Use AD B2C and MSAL v2 with Angular allowing selective unprotected Web API calls

Question

My goal is to allow users to freely browse an Angular 11+ site, reading data called from a .NET Web API as they navigate. Only users who wish to post data or access particular features would need to sign up and sign in, using AD B2C identity services. Accordingly, controllers in the backend app service are marked with [Authorize] or [AllowAnonymous] as appropriate.

The site successfully supports browsing and posting for signed-in users, copying the approach from the AzureAD sample.

export function MSALInterceptorConfigFactory(): MsalInterceptorConfiguration {
  const protectedResourceMap = new Map<string, Array<string>>();
  protectedResourceMap.set(apiConfig.uri, apiConfig.scopes);
  return {
    interactionType: InteractionType.Redirect,
    protectedResourceMap
  };
}

However, using that approach, the Msal's httpInterceptor evidently fires for every database call, forcing a B2C signup/login event on all endpoints, defeating the effort to support anonymous browsing.
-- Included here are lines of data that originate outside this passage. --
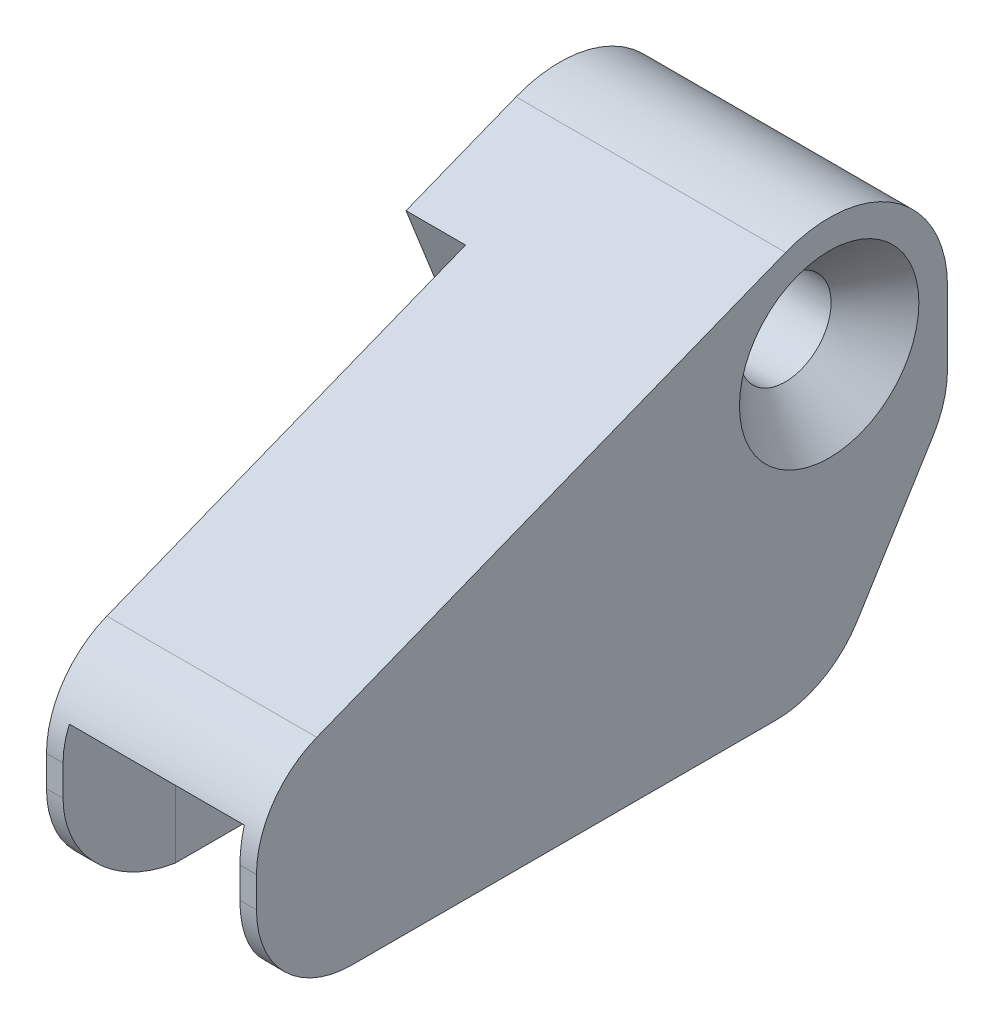
ISO-10303-21;
HEADER;
FILE_DESCRIPTION(('STEP AP214'),'2;1');
FILE_NAME('part.step','',(''),(''),'','','');
FILE_SCHEMA(('AUTOMOTIVE_DESIGN { 1 0 10303 214 1 1 1 1 }'));
ENDSEC;
DATA;
#1=APPLICATION_CONTEXT('core data for automotive mechanical design processes');
#2=APPLICATION_PROTOCOL_DEFINITION('international standard','automotive_design',2000,#1);
#3=PRODUCT_CONTEXT('',#1,'mechanical');
#4=PRODUCT('Part','Part','',(#3));
#5=PRODUCT_RELATED_PRODUCT_CATEGORY('part','',(#4));
#6=PRODUCT_DEFINITION_FORMATION('','',#4);
#7=PRODUCT_DEFINITION_CONTEXT('part definition',#1,'design');
#8=PRODUCT_DEFINITION('design','',#6,#7);
#9=PRODUCT_DEFINITION_SHAPE('','',#8);
#10=(LENGTH_UNIT() NAMED_UNIT(*) SI_UNIT(.MILLI.,.METRE.));
#11=(NAMED_UNIT(*) PLANE_ANGLE_UNIT() SI_UNIT($,.RADIAN.));
#12=(NAMED_UNIT(*) SI_UNIT($,.STERADIAN.) SOLID_ANGLE_UNIT());
#13=UNCERTAINTY_MEASURE_WITH_UNIT(LENGTH_MEASURE(1.E-05),#10,'distance_accuracy_value','');
#14=(GEOMETRIC_REPRESENTATION_CONTEXT(3) GLOBAL_UNCERTAINTY_ASSIGNED_CONTEXT((#13)) GLOBAL_UNIT_ASSIGNED_CONTEXT((#10,
#11,#12)) REPRESENTATION_CONTEXT('',''));
#15=CARTESIAN_POINT('',(0.,0.,0.));
#16=DIRECTION('',(0.,0.,1.));
#17=DIRECTION('',(1.,0.,0.));
#18=AXIS2_PLACEMENT_3D('',#15,#16,#17);
#19=CARTESIAN_POINT('',(11.,-5.2,-6.2));
#20=DIRECTION('',(0.,0.526939668861675,0.84990269171238));
#21=DIRECTION('',(0.,-0.84990269171238,0.526939668861675));
#22=AXIS2_PLACEMENT_3D('',#19,#20,#21);
#23=PLANE('',#22);
#24=DIRECTION('',(0.,-0.84990269171238,0.526939668861675));
#25=VECTOR('',#24,1.);
#26=CARTESIAN_POINT('',(9.25,-8.62041058295059,-4.07934543857064));
#27=LINE('',#26,#25);
#28=CARTESIAN_POINT('',(9.25,-6.41046216360984,-5.4495134585619));
#29=VERTEX_POINT('',#28);
#30=CARTESIAN_POINT('',(9.25,-12.8346983443084,-1.46648702652881));
#31=VERTEX_POINT('',#30);
#32=EDGE_CURVE('E75',#29,#31,#27,.T.);
#33=ORIENTED_EDGE('',*,*,#32,.F.);
#34=DIRECTION('',(-1.,0.,0.));
#35=VECTOR('',#34,1.);
#36=CARTESIAN_POINT('',(11.,-6.41046216360984,-5.4495134585619));
#37=LINE('',#36,#35);
#38=CARTESIAN_POINT('',(11.,-6.41046216360984,-5.4495134585619));
#39=VERTEX_POINT('',#38);
#40=EDGE_CURVE('E395',#29,#39,#37,.F.);
#41=ORIENTED_EDGE('',*,*,#40,.T.);
#42=DIRECTION('',(0.,0.849902691712379,-0.526939668861675));
#43=VECTOR('',#42,1.);
#44=CARTESIAN_POINT('',(11.,-5.2,-6.2));
#45=LINE('',#44,#43);
#46=CARTESIAN_POINT('',(11.,-12.8346983443084,-1.46648702652881));
#47=VERTEX_POINT('',#46);
#48=EDGE_CURVE('E291',#47,#39,#45,.T.);
#49=ORIENTED_EDGE('',*,*,#48,.F.);
#50=DIRECTION('',(-1.,0.,0.));
#51=VECTOR('',#50,1.);
#52=CARTESIAN_POINT('',(11.,-12.8346983443084,-1.46648702652881));
#53=LINE('',#52,#51);
#54=EDGE_CURVE('E389',#47,#31,#53,.T.);
#55=ORIENTED_EDGE('',*,*,#54,.T.);
#56=EDGE_LOOP('',(#33,#41,#49,#55));
#57=FACE_BOUND('',#56,.T.);
#58=ADVANCED_FACE('F44',(#57),#23,.F.);
#59=CARTESIAN_POINT('',(11.,-15.2,30.));
#60=DIRECTION('',(0.,0.,-1.));
#61=DIRECTION('',(0.,1.,0.));
#62=AXIS2_PLACEMENT_3D('',#59,#60,#61);
#63=PLANE('',#62);
#64=DIRECTION('',(0.,-1.,0.));
#65=VECTOR('',#64,1.);
#66=CARTESIAN_POINT('',(11.,-15.2,30.));
#67=LINE('',#66,#65);
#68=CARTESIAN_POINT('',(11.,-8.59908763706365,30.));
#69=VERTEX_POINT('',#68);
#70=CARTESIAN_POINT('',(11.,-10.2,30.));
#71=VERTEX_POINT('',#70);
#72=EDGE_CURVE('E229',#69,#71,#67,.T.);
#73=ORIENTED_EDGE('',*,*,#72,.F.);
#74=DIRECTION('',(-1.,0.,0.));
#75=VECTOR('',#74,1.);
#76=CARTESIAN_POINT('',(11.,-8.59908763706365,30.));
#77=LINE('',#76,#75);
#78=CARTESIAN_POINT('',(10.1316349035423,-8.59908763706365,30.));
#79=VERTEX_POINT('',#78);
#80=EDGE_CURVE('E349',#69,#79,#77,.T.);
#81=ORIENTED_EDGE('',*,*,#80,.T.);
#82=DIRECTION('',(0.,-1.,0.));
#83=VECTOR('',#82,1.);
#84=CARTESIAN_POINT('',(10.1316349035423,-15.2,30.));
#85=LINE('',#84,#83);
#86=CARTESIAN_POINT('',(10.1316349035423,-10.2,30.));
#87=VERTEX_POINT('',#86);
#88=EDGE_CURVE('E330',#79,#87,#85,.T.);
#89=ORIENTED_EDGE('',*,*,#88,.T.);
#90=DIRECTION('',(-1.,0.,0.));
#91=VECTOR('',#90,1.);
#92=CARTESIAN_POINT('',(11.,-10.2,30.));
#93=LINE('',#92,#91);
#94=EDGE_CURVE('E342',#87,#71,#93,.F.);
#95=ORIENTED_EDGE('',*,*,#94,.T.);
#96=EDGE_LOOP('',(#73,#81,#89,#95));
#97=FACE_BOUND('',#96,.T.);
#98=ADVANCED_FACE('F470',(#97),#63,.F.);
#99=CARTESIAN_POINT('',(11.,-15.2,0.));
#100=DIRECTION('',(0.,1.,0.));
#101=DIRECTION('',(0.,0.,1.));
#102=AXIS2_PLACEMENT_3D('',#99,#100,#101);
#103=PLANE('',#102);
#104=DIRECTION('',(0.,0.,-1.));
#105=VECTOR('',#104,1.);
#106=CARTESIAN_POINT('',(0.,-15.2,0.));
#107=LINE('',#106,#105);
#108=CARTESIAN_POINT('',(0.,-15.2,25.));
#109=VERTEX_POINT('',#108);
#110=CARTESIAN_POINT('',(0.,-15.2,2.78302643203309));
#111=VERTEX_POINT('',#110);
#112=EDGE_CURVE('E275',#109,#111,#107,.T.);
#113=ORIENTED_EDGE('',*,*,#112,.T.);
#114=DIRECTION('',(-1.,0.,0.));
#115=VECTOR('',#114,1.);
#116=CARTESIAN_POINT('',(11.,-15.2,2.78302643203309));
#117=LINE('',#116,#115);
#118=CARTESIAN_POINT('',(1.75,-15.2,2.78302643203309));
#119=VERTEX_POINT('',#118);
#120=EDGE_CURVE('E403',#111,#119,#117,.F.);
#121=ORIENTED_EDGE('',*,*,#120,.T.);
#122=DIRECTION('',(0.,0.,1.));
#123=VECTOR('',#122,1.);
#124=CARTESIAN_POINT('',(1.75,-15.2,-14.6915864338116));
#125=LINE('',#124,#123);
#126=CARTESIAN_POINT('',(1.75,-15.2,24.9999999999999));
#127=VERTEX_POINT('',#126);
#128=EDGE_CURVE('E268',#119,#127,#125,.T.);
#129=ORIENTED_EDGE('',*,*,#128,.T.);
#130=DIRECTION('',(-1.,0.,0.));
#131=VECTOR('',#130,1.);
#132=CARTESIAN_POINT('',(11.,-15.2,25.));
#133=LINE('',#132,#131);
#134=EDGE_CURVE('E400',#127,#109,#133,.T.);
#135=ORIENTED_EDGE('',*,*,#134,.T.);
#136=EDGE_LOOP('',(#113,#121,#129,#135));
#137=FACE_BOUND('',#136,.T.);
#138=ADVANCED_FACE('F476',(#137),#103,.F.);
#139=CARTESIAN_POINT('',(11.,0.,0.));
#140=DIRECTION('',(1.,0.,0.));
#141=DIRECTION('',(0.,0.,-1.));
#142=AXIS2_PLACEMENT_3D('',#139,#140,#141);
#143=PLANE('',#142);
#144=CARTESIAN_POINT('',(11.,0.,0.));
#145=DIRECTION('',(1.,0.,0.));
#146=DIRECTION('',(0.,0.,-1.));
#147=AXIS2_PLACEMENT_3D('',#144,#145,#146);
#148=CIRCLE('',#147,4.7);
#149=CARTESIAN_POINT('',(11.,0.,-4.7));
#150=VERTEX_POINT('',#149);
#151=EDGE_CURVE('E260',#150,#150,#148,.T.);
#152=ORIENTED_EDGE('',*,*,#151,.F.);
#153=EDGE_LOOP('',(#152));
#154=FACE_BOUND('',#153,.T.);
#155=DIRECTION('',(0.,-0.367846965999496,0.929886342304782));
#156=VECTOR('',#155,1.);
#157=CARTESIAN_POINT('',(11.,-5.2,30.));
#158=LINE('',#157,#156);
#159=CARTESIAN_POINT('',(11.,5.76529532228965,2.28065118919687));
#160=VERTEX_POINT('',#159);
#161=CARTESIAN_POINT('',(11.,-3.94965592553974,26.8392348299975));
#162=VERTEX_POINT('',#161);
#163=EDGE_CURVE('E224',#160,#162,#158,.T.);
#164=ORIENTED_EDGE('',*,*,#163,.T.);
#165=CARTESIAN_POINT('',(11.,-8.59908763706365,25.));
#166=DIRECTION('',(1.,0.,0.));
#167=DIRECTION('',(0.,0.,-1.));
#168=AXIS2_PLACEMENT_3D('',#165,#166,#167);
#169=CIRCLE('',#168,5.);
#170=EDGE_CURVE('E383',#162,#69,#169,.T.);
#171=ORIENTED_EDGE('',*,*,#170,.T.);
#172=ORIENTED_EDGE('',*,*,#72,.T.);
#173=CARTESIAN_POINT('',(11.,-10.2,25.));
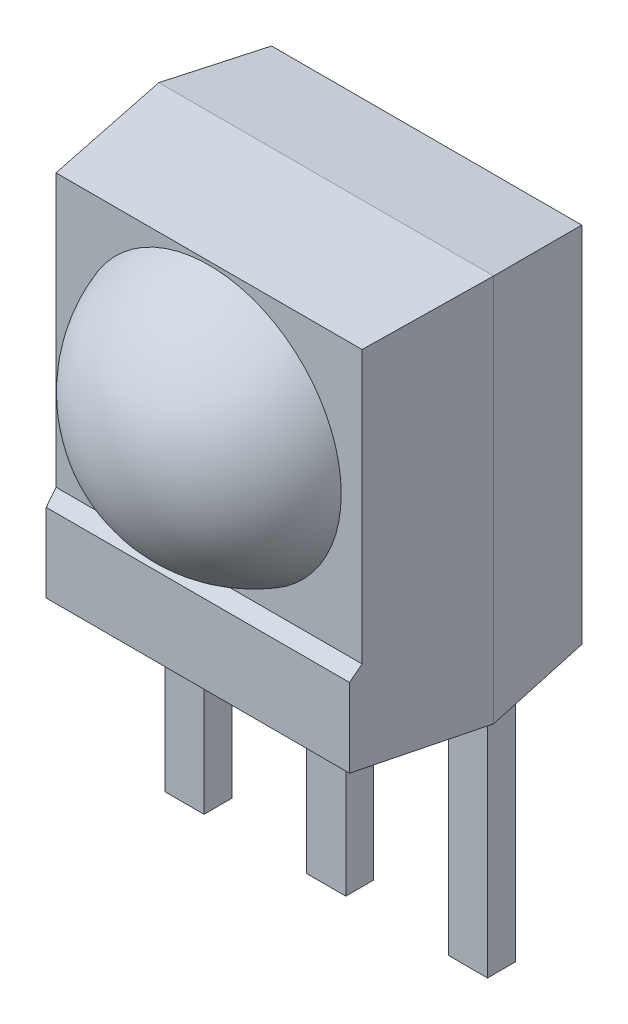
ISO-10303-21;
HEADER;
FILE_DESCRIPTION(('STEP AP214'),'2;1');
FILE_NAME('part.step','',(''),(''),'','','');
FILE_SCHEMA(('AUTOMOTIVE_DESIGN { 1 0 10303 214 1 1 1 1 }'));
ENDSEC;
DATA;
#1=APPLICATION_CONTEXT('core data for automotive mechanical design processes');
#2=APPLICATION_PROTOCOL_DEFINITION('international standard','automotive_design',2000,#1);
#3=PRODUCT_CONTEXT('',#1,'mechanical');
#4=PRODUCT('Part','Part','',(#3));
#5=PRODUCT_RELATED_PRODUCT_CATEGORY('part','',(#4));
#6=PRODUCT_DEFINITION_FORMATION('','',#4);
#7=PRODUCT_DEFINITION_CONTEXT('part definition',#1,'design');
#8=PRODUCT_DEFINITION('design','',#6,#7);
#9=PRODUCT_DEFINITION_SHAPE('','',#8);
#10=(LENGTH_UNIT() NAMED_UNIT(*) SI_UNIT(.MILLI.,.METRE.));
#11=(NAMED_UNIT(*) PLANE_ANGLE_UNIT() SI_UNIT($,.RADIAN.));
#12=(NAMED_UNIT(*) SI_UNIT($,.STERADIAN.) SOLID_ANGLE_UNIT());
#13=UNCERTAINTY_MEASURE_WITH_UNIT(LENGTH_MEASURE(1.E-05),#10,'distance_accuracy_value','');
#14=(GEOMETRIC_REPRESENTATION_CONTEXT(3) GLOBAL_UNCERTAINTY_ASSIGNED_CONTEXT((#13)) GLOBAL_UNIT_ASSIGNED_CONTEXT((#10,
#11,#12)) REPRESENTATION_CONTEXT('',''));
#15=CARTESIAN_POINT('',(0.,0.,0.));
#16=DIRECTION('',(0.,0.,1.));
#17=DIRECTION('',(1.,0.,0.));
#18=AXIS2_PLACEMENT_3D('',#15,#16,#17);
#19=CARTESIAN_POINT('',(3.,6.95,0.));
#20=DIRECTION('',(0.,-0.994507445692902,-0.10466585145777));
#21=DIRECTION('',(0.,0.10466585145777,-0.994507445692902));
#22=AXIS2_PLACEMENT_3D('',#19,#20,#21);
#23=PLANE('',#22);
#24=DIRECTION('',(-0.121209830498051,-0.103894140426895,0.987174850052203));
#25=VECTOR('',#24,1.);
#26=CARTESIAN_POINT('',(3.,6.95,0.));
#27=LINE('',#26,#25);
#28=CARTESIAN_POINT('',(3.,6.95,0.));
#29=VERTEX_POINT('',#28);
#30=CARTESIAN_POINT('',(2.7421524221039,6.72898779037478,2.1));
#31=VERTEX_POINT('',#30);
#32=EDGE_CURVE('E362',#29,#31,#27,.T.);
#33=ORIENTED_EDGE('',*,*,#32,.F.);
#34=DIRECTION('',(-1.,0.,0.));
#35=VECTOR('',#34,1.);
#36=CARTESIAN_POINT('',(3.,6.95,0.));
#37=LINE('',#36,#35);
#38=CARTESIAN_POINT('',(-3.,6.95,0.));
#39=VERTEX_POINT('',#38);
#40=EDGE_CURVE('E323',#29,#39,#37,.T.);
#41=ORIENTED_EDGE('',*,*,#40,.T.);
#42=DIRECTION('',(0.121209830498051,-0.103894140426895,0.987174850052204));
#43=VECTOR('',#42,1.);
#44=CARTESIAN_POINT('',(-2.9118490619438,6.87444205309469,0.717931777480599));
#45=LINE('',#44,#43);
#46=CARTESIAN_POINT('',(-2.7421524221039,6.72898779037478,2.1));
#47=VERTEX_POINT('',#46);
#48=EDGE_CURVE('E314',#39,#47,#45,.T.);
#49=ORIENTED_EDGE('',*,*,#48,.T.);
#50=DIRECTION('',(-1.,0.,0.));
#51=VECTOR('',#50,1.);
#52=CARTESIAN_POINT('',(3.,6.72898779037478,2.1));
#53=LINE('',#52,#51);
#54=EDGE_CURVE('E11',#31,#47,#53,.T.);
#55=ORIENTED_EDGE('',*,*,#54,.F.);
#56=EDGE_LOOP('',(#33,#41,#49,#55));
#57=FACE_BOUND('',#56,.T.);
#58=ADVANCED_FACE('F33',(#57),#23,.F.);
#59=CARTESIAN_POINT('',(3.,6.72898779037478,2.1));
#60=DIRECTION('',(0.,0.,-1.));
#61=DIRECTION('',(0.,1.,0.));
#62=AXIS2_PLACEMENT_3D('',#59,#60,#61);
#63=PLANE('',#62);
#64=CARTESIAN_POINT('',(0.,4.3,2.1));
#65=DIRECTION('',(0.,0.,-1.));
#66=DIRECTION('',(-1.,0.,0.));
#67=AXIS2_PLACEMENT_3D('',#64,#65,#66);
#68=CIRCLE('',#67,2.3685438564654);
#69=CARTESIAN_POINT('',(-2.3685438564654,4.3,2.1));
#70=VERTEX_POINT('',#69);
#71=EDGE_CURVE('E305',#70,#70,#68,.T.);
#72=ORIENTED_EDGE('',*,*,#71,.T.);
#73=EDGE_LOOP('',(#72));
#74=FACE_BOUND('',#73,.T.);
#75=DIRECTION('',(0.,-1.,0.));
#76=VECTOR('',#75,1.);
#77=CARTESIAN_POINT('',(2.7421524221039,6.72898779037478,2.1));
#78=LINE('',#77,#76);
#79=CARTESIAN_POINT('',(2.7421524221039,1.85,2.1));
#80=VERTEX_POINT('',#79);
#81=EDGE_CURVE('E368',#31,#80,#78,.T.);
#82=ORIENTED_EDGE('',*,*,#81,.F.);
#83=ORIENTED_EDGE('',*,*,#54,.T.);
#84=DIRECTION('',(0.,-1.,0.));
#85=VECTOR('',#84,1.);
#86=CARTESIAN_POINT('',(-2.7421524221039,6.72898779037478,2.1));
#87=LINE('',#86,#85);
#88=CARTESIAN_POINT('',(-2.7421524221039,1.85,2.1));
#89=VERTEX_POINT('',#88);
#90=EDGE_CURVE('E311',#47,#89,#87,.T.);
#91=ORIENTED_EDGE('',*,*,#90,.T.);
#92=DIRECTION('',(-1.,0.,0.));
#93=VECTOR('',#92,1.);
#94=CARTESIAN_POINT('',(3.,1.85,2.1));
#95=LINE('',#94,#93);
#96=EDGE_CURVE('E42',#80,#89,#95,.T.);
#97=ORIENTED_EDGE('',*,*,#96,.F.);
#98=EDGE_LOOP('',(#82,#83,#91,#97));
#99=FACE_BOUND('',#98,.T.);
#100=ADVANCED_FACE('F352',(#74,#99),#63,.F.);
#101=CARTESIAN_POINT('',(3.,1.85,2.1));
#102=DIRECTION('',(0.,-0.707106781186549,-0.707106781186546));
#103=DIRECTION('',(0.,0.707106781186546,-0.707106781186549));
#104=AXIS2_PLACEMENT_3D('',#101,#102,#103);
#105=PLANE('',#104);
#106=DIRECTION('',(-0.0864964017104584,-0.704456660303222,0.704456660303225));
#107=VECTOR('',#106,1.);
#108=CARTESIAN_POINT('',(2.74408154163578,1.8657114177686,2.0842885822314));
#109=LINE('',#108,#107);
#110=CARTESIAN_POINT('',(2.71759550992332,1.65,2.3));
#111=VERTEX_POINT('',#110);
#112=EDGE_CURVE('E390',#80,#111,#109,.T.);
#113=ORIENTED_EDGE('',*,*,#112,.F.);
#114=ORIENTED_EDGE('',*,*,#96,.T.);
#115=DIRECTION('',(0.0864964017104584,-0.704456660303222,0.704456660303225));
#116=VECTOR('',#115,1.);
#117=CARTESIAN_POINT('',(-2.69919177658264,1.50011362010543,2.44988637989457));
#118=LINE('',#117,#116);
#119=CARTESIAN_POINT('',(-2.71759550992332,1.65,2.3));
#120=VERTEX_POINT('',#119);
#121=EDGE_CURVE('E298',#89,#120,#118,.T.);
#122=ORIENTED_EDGE('',*,*,#121,.T.);
#123=DIRECTION('',(-1.,0.,0.));
#124=VECTOR('',#123,1.);
#125=CARTESIAN_POINT('',(3.,1.65,2.3));
#126=LINE('',#125,#124);
#127=EDGE_CURVE('E275',#111,#120,#126,.T.);
#128=ORIENTED_EDGE('',*,*,#127,.F.);
#129=EDGE_LOOP('',(#113,#114,#122,#128));
#130=FACE_BOUND('',#129,.T.);
#131=ADVANCED_FACE('F357',(#130),#105,.F.);
#132=CARTESIAN_POINT('',(3.,1.65,2.3));
#133=DIRECTION('',(0.,0.,-1.));
#134=DIRECTION('',(-1.,0.,0.));
#135=AXIS2_PLACEMENT_3D('',#132,#133,#134);
#136=PLANE('',#135);
#137=DIRECTION('',(0.,-1.,0.));
#138=VECTOR('',#137,1.);
#139=CARTESIAN_POINT('',(2.71759550992332,22.1308126962814,2.3));
#140=LINE('',#139,#138);
#141=CARTESIAN_POINT('',(2.71759550992332,0.242060991494284,2.3));
#142=VERTEX_POINT('',#141);
#143=EDGE_CURVE('E380',#111,#142,#140,.T.);
#144=ORIENTED_EDGE('',*,*,#143,.F.);
#145=ORIENTED_EDGE('',*,*,#127,.T.);
#146=DIRECTION('',(0.,-1.,0.));
#147=VECTOR('',#146,1.);
#148=CARTESIAN_POINT('',(-2.71759550992332,20.9805736724551,2.3));
#149=LINE('',#148,#147);
#150=CARTESIAN_POINT('',(-2.71759550992332,0.242060991494285,2.3));
#151=VERTEX_POINT('',#150);
#152=EDGE_CURVE('E295',#120,#151,#149,.T.);
#153=ORIENTED_EDGE('',*,*,#152,.T.);
#154=DIRECTION('',(-1.,0.,0.));
#155=VECTOR('',#154,1.);
#156=CARTESIAN_POINT('',(3.,0.242060991494284,2.3));
#157=LINE('',#156,#155);
#158=EDGE_CURVE('E265',#142,#151,#157,.T.);
#159=ORIENTED_EDGE('',*,*,#158,.F.);
#160=EDGE_LOOP('',(#144,#145,#153,#159));
#161=FACE_BOUND('',#160,.T.);
#162=ADVANCED_FACE('F301',(#161),#136,.F.);
#163=CARTESIAN_POINT('',(3.,0.,0.));
#164=DIRECTION('',(0.,0.994507445692902,-0.10466585145777));
#165=DIRECTION('',(0.,0.10466585145777,0.994507445692902));
#166=AXIS2_PLACEMENT_3D('',#163,#164,#165);
#167=PLANE('',#166);
#168=DIRECTION('',(0.121209830498051,-0.103894140426895,-0.987174850052203));
#169=VECTOR('',#168,1.);
#170=CARTESIAN_POINT('',(3.,0.,0.));
#171=LINE('',#170,#169);
#172=CARTESIAN_POINT('',(3.,0.,0.));
#173=VERTEX_POINT('',#172);
#174=EDGE_CURVE('E288',#142,#173,#171,.T.);
#175=ORIENTED_EDGE('',*,*,#174,.F.);
#176=ORIENTED_EDGE('',*,*,#158,.T.);
#177=DIRECTION('',(-0.121209830498051,-0.103894140426895,-0.987174850052204));
#178=VECTOR('',#177,1.);
#179=CARTESIAN_POINT('',(-2.9118490619438,0.0755579469053077,0.717931777480599));
#180=LINE('',#179,#178);
#181=CARTESIAN_POINT('',(-3.,0.,0.));
#182=VERTEX_POINT('',#181);
#183=EDGE_CURVE('E285',#151,#182,#180,.T.);
#184=ORIENTED_EDGE('',*,*,#183,.T.);
#185=DIRECTION('',(-1.,0.,0.));
#186=VECTOR('',#185,1.);
#187=CARTESIAN_POINT('',(3.,0.,0.));
#188=LINE('',#187,#186);
#189=CARTESIAN_POINT('',(-2.89,0.,0.));
#190=VERTEX_POINT('',#189);
#191=EDGE_CURVE('E36',#190,#182,#188,.T.);
#192=ORIENTED_EDGE('',*,*,#191,.F.);
#193=DIRECTION('',(1.,0.,0.));
#194=VECTOR('',#193,1.);
#195=CARTESIAN_POINT('',(-2.89,0.,0.));
#196=LINE('',#195,#194);
#197=CARTESIAN_POINT('',(-2.19,0.,0.));
#198=VERTEX_POINT('',#197);
#199=EDGE_CURVE('E178',#190,#198,#196,.T.);
#200=ORIENTED_EDGE('',*,*,#199,.T.);
#201=CARTESIAN_POINT('',(-0.35,0.,0.));
#202=VERTEX_POINT('',#201);
#203=EDGE_CURVE('E259',#202,#198,#188,.T.);
#204=ORIENTED_EDGE('',*,*,#203,.F.);
#205=DIRECTION('',(1.,0.,0.));
#206=VECTOR('',#205,1.);
#207=CARTESIAN_POINT('',(-0.35,0.,0.));
#208=LINE('',#207,#206);
#209=CARTESIAN_POINT('',(0.35,0.,0.));
#210=VERTEX_POINT('',#209);
#211=EDGE_CURVE('E246',#202,#210,#208,.T.);
#212=ORIENTED_EDGE('',*,*,#211,.T.);
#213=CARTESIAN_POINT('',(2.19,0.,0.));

MSAL v1 apparently supported an unprotectedResource array, but that was deprecated for v2. It also apparently supported the use of null patterns such as

const resourceMap: [string, string[]][] = [
  [`${apiBaseUrl}/health`, null],
  [`${apiBaseUrl}`, ['scope1', 'scope2']],
];

Since that v1 object has a different shape I tried it this way in v2, but to no avail

  const protectedResourceMap = new Map<string, Array<string>>();
  protectedResourceMap.set(apiConfig.uri + '/myreadabledata', []);
  protectedResourceMap.set(apiConfig.uri, apiConfig.scopes);

I've tried other approaches such as setting the protectedResourceMap exclusively for the controllers that require authorization. That failed as well.

  const protectedResourceMap = new Map<string, Array<string>>();
  protectedResourceMap.set(apiConfig.uri  + '/mycloseddata1' , apiConfig.scopes);
  protectedResourceMap.set(apiConfig.uri  + '/mycloseddata2' , apiConfig.scopes);

What is the correct way to achieve this?

Answer 1

I ran into this same issue of wanting some api routes to be anonymous and not trigger a redirect to login. Managed to come across this link.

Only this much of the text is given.